__Records provided__
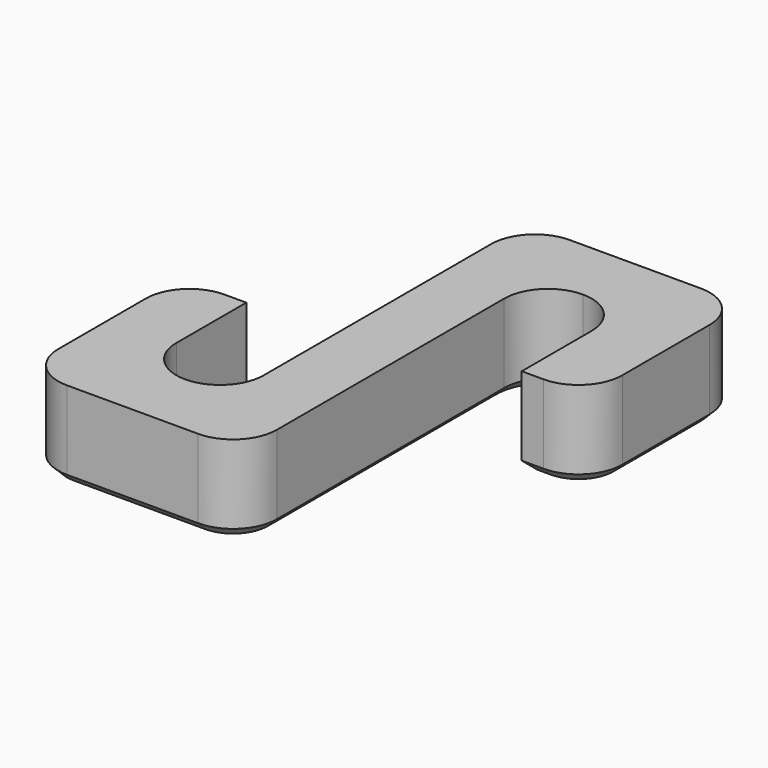
from build123d import *

# Parameters (mm, degrees)
F1_DEPTH = 2
F2_R     = 0.99999
F3_SIZE  = 0.2


# Not quite as in the source:
# - a fillet or chamfer is up to 0.001 mm smaller than in the source, because OpenCascade refuses the exact size


with BuildPart() as f1:
    # F0 (on Top) → F1 (new body)
    with BuildSketch(Plane.XY):
        Polygon((-0.75, 5), (-0.75, 0), (-0.75, -3.5), (-2.75, -3.5), (-2.75, -0.5), (-4.25, -0.5), (-4.25, -5), (0.75, -5), (0.75, 0), (0.75, 3.5), (2.75, 3.5), (2.75, 0.5), (4.25, 0.5), (4.25, 5), align=None)
    extrude(amount=F1_DEPTH)

    # F2 (radius 1 in the source; OpenCascade refuses exactly that, so slightly less here)
    f2_edges = [f1.edges().sort_by_distance(p)[0] for p in [
        (-0.75, 5, 1),
        (0.75, 3.5, 1),
        (2.75, 3.5, 1),
        (4.25, 5, 1),
        (4.25, 0.5, 1),
        (0.75, -5, 1),
        (-4.25, -5, 1),
        (-4.25, -0.5, 1),
        (-0.75, -3.5, 1),
        (-2.75, -3.5, 1),
    ]]
    fillet(f2_edges, radius=F2_R)

    # F3
    f3_edges = [f1.edges().sort_by_distance(p)[0] for p in [
        (-0.75, 0.75, 0),
        (-0.45711, 4.70711, 0),
        (-1.04289, -3.20711, 0),
        (1.75, 5, 0),
        (-1.75, -3.5, 0),
        (3.95711, 4.70711, 0),
        (-2.45711, -3.20711, 0),
        (4.25, 2.75, 0),
        (-2.75, -1.500005, 0),
        (3.95711, 0.79289, 0),
        (-3.000005, -0.5, 0),
        (3.000005, 0.5, 0),
        (-3.95711, -0.79289, 0),
        (2.75, 1.500005, 0),
        (-4.25, -2.75, 0),
        (2.45711, 3.20711, 0),
        (-3.95711, -4.70711, 0),
        (1.75, 3.5, 0),
        (-1.75, -5, 0),
        (1.04289, 3.20711, 0),
        (0.45711, -4.70711, 0),
        (0.75, -0.75, 0),
    ]]
    chamfer(f3_edges, length=F3_SIZE)


solid = f1.part
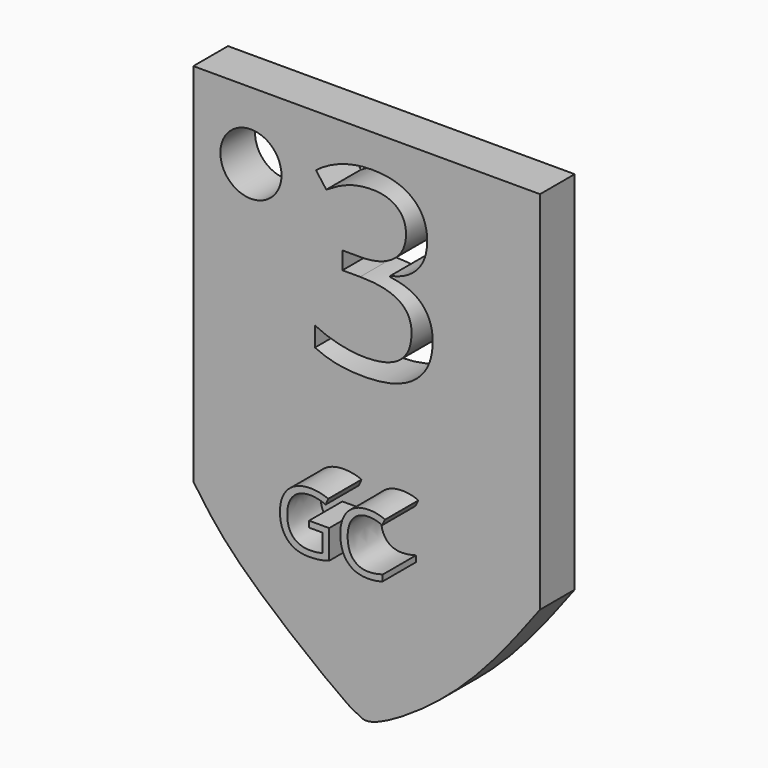
from build123d import *

# Parameters (mm, degrees)
F1_DEPTH     = 2.5
F2_TEXT_SIZE = 14.5323438725
F3_DEPTH     = 2.5
F4_TEXT_SIZE = 4.7803762653
F5_DEPTH     = 4.9
F6_R         = 1.7630968755
F7_DEPTH     = 2.5


# Not quite as in the source:
# - Text() gives the source's letters only with a copy of the font that has no kerning and outlines rounded to 1/6400 em; it was checked with that copy


with BuildPart() as f1:
    # F0 (on Front) → F1 (new body)
    with BuildSketch(Plane.XZ):
        with BuildLine():
            Line((-9.0677969065, 21.1016949298), (-29.0677969065, 21.1016949298))
            Line((-29.0677969065, 21.1016949298), (-29.0677969065, 0))
            add(Edge.make_bspline(
                [(-29.0677969065, 0), (-28.3140110992, -1.0855459531), (-26.5923734921, -3.564919694), (-20.0302019228, -8.6217927094), (-19.58718418, -8.6901896817), (-18.8838166776, -9.2853170347), (-13.5196280215, -5.9395204085), (-10.6388378785, -2.0960431055), (-9.0677969065, 0)],
                knots=[0, 0, 0, 0, 0.1894119624, 0.4326146162, 0.4861029661, 0.5497117355, 0.7544349718, 1, 1, 1, 1], degree=3))
            Line((-9.0677969065, 0), (-9.0677969065, 21.1016949298))
        make_face()
    extrude(amount=F1_DEPTH)

    # F2 (on Front) → F3 (cut, through all)
    with BuildSketch(Plane.XZ):
        with Locations((-22.7163499221, 8.6735151708)):
            Text('3', F2_TEXT_SIZE, font='Open Sans', text_align=(TextAlign.LEFT, TextAlign.BOTTOM))
    extrude(amount=F3_DEPTH, mode=Mode.SUBTRACT)

    # F4 (on Front) → F5 (join)
    with BuildSketch(Plane.XZ):
        with Locations((-22.4409978837, 0)):
            Text('GC', F4_TEXT_SIZE, font='Open Sans', text_align=(TextAlign.LEFT, TextAlign.BOTTOM))
    extrude(amount=F5_DEPTH)

    # F6 (on Front) → F7 (cut, through all)
    with BuildSketch(Plane.XZ):
        with Locations((-25.7451925427, 17.2093547881)):
            Circle(F6_R)
    extrude(amount=F7_DEPTH, mode=Mode.SUBTRACT)


solid = f1.part

__Requirement__
Reproduce each line in the listing above that mentions the string "TextAlign".

__Final answer__
            Text('3', F2_TEXT_SIZE, font='Open Sans', text_align=(TextAlign.LEFT, TextAlign.BOTTOM))
            Text('GC', F4_TEXT_SIZE, font='Open Sans', text_align=(TextAlign.LEFT, TextAlign.BOTTOM))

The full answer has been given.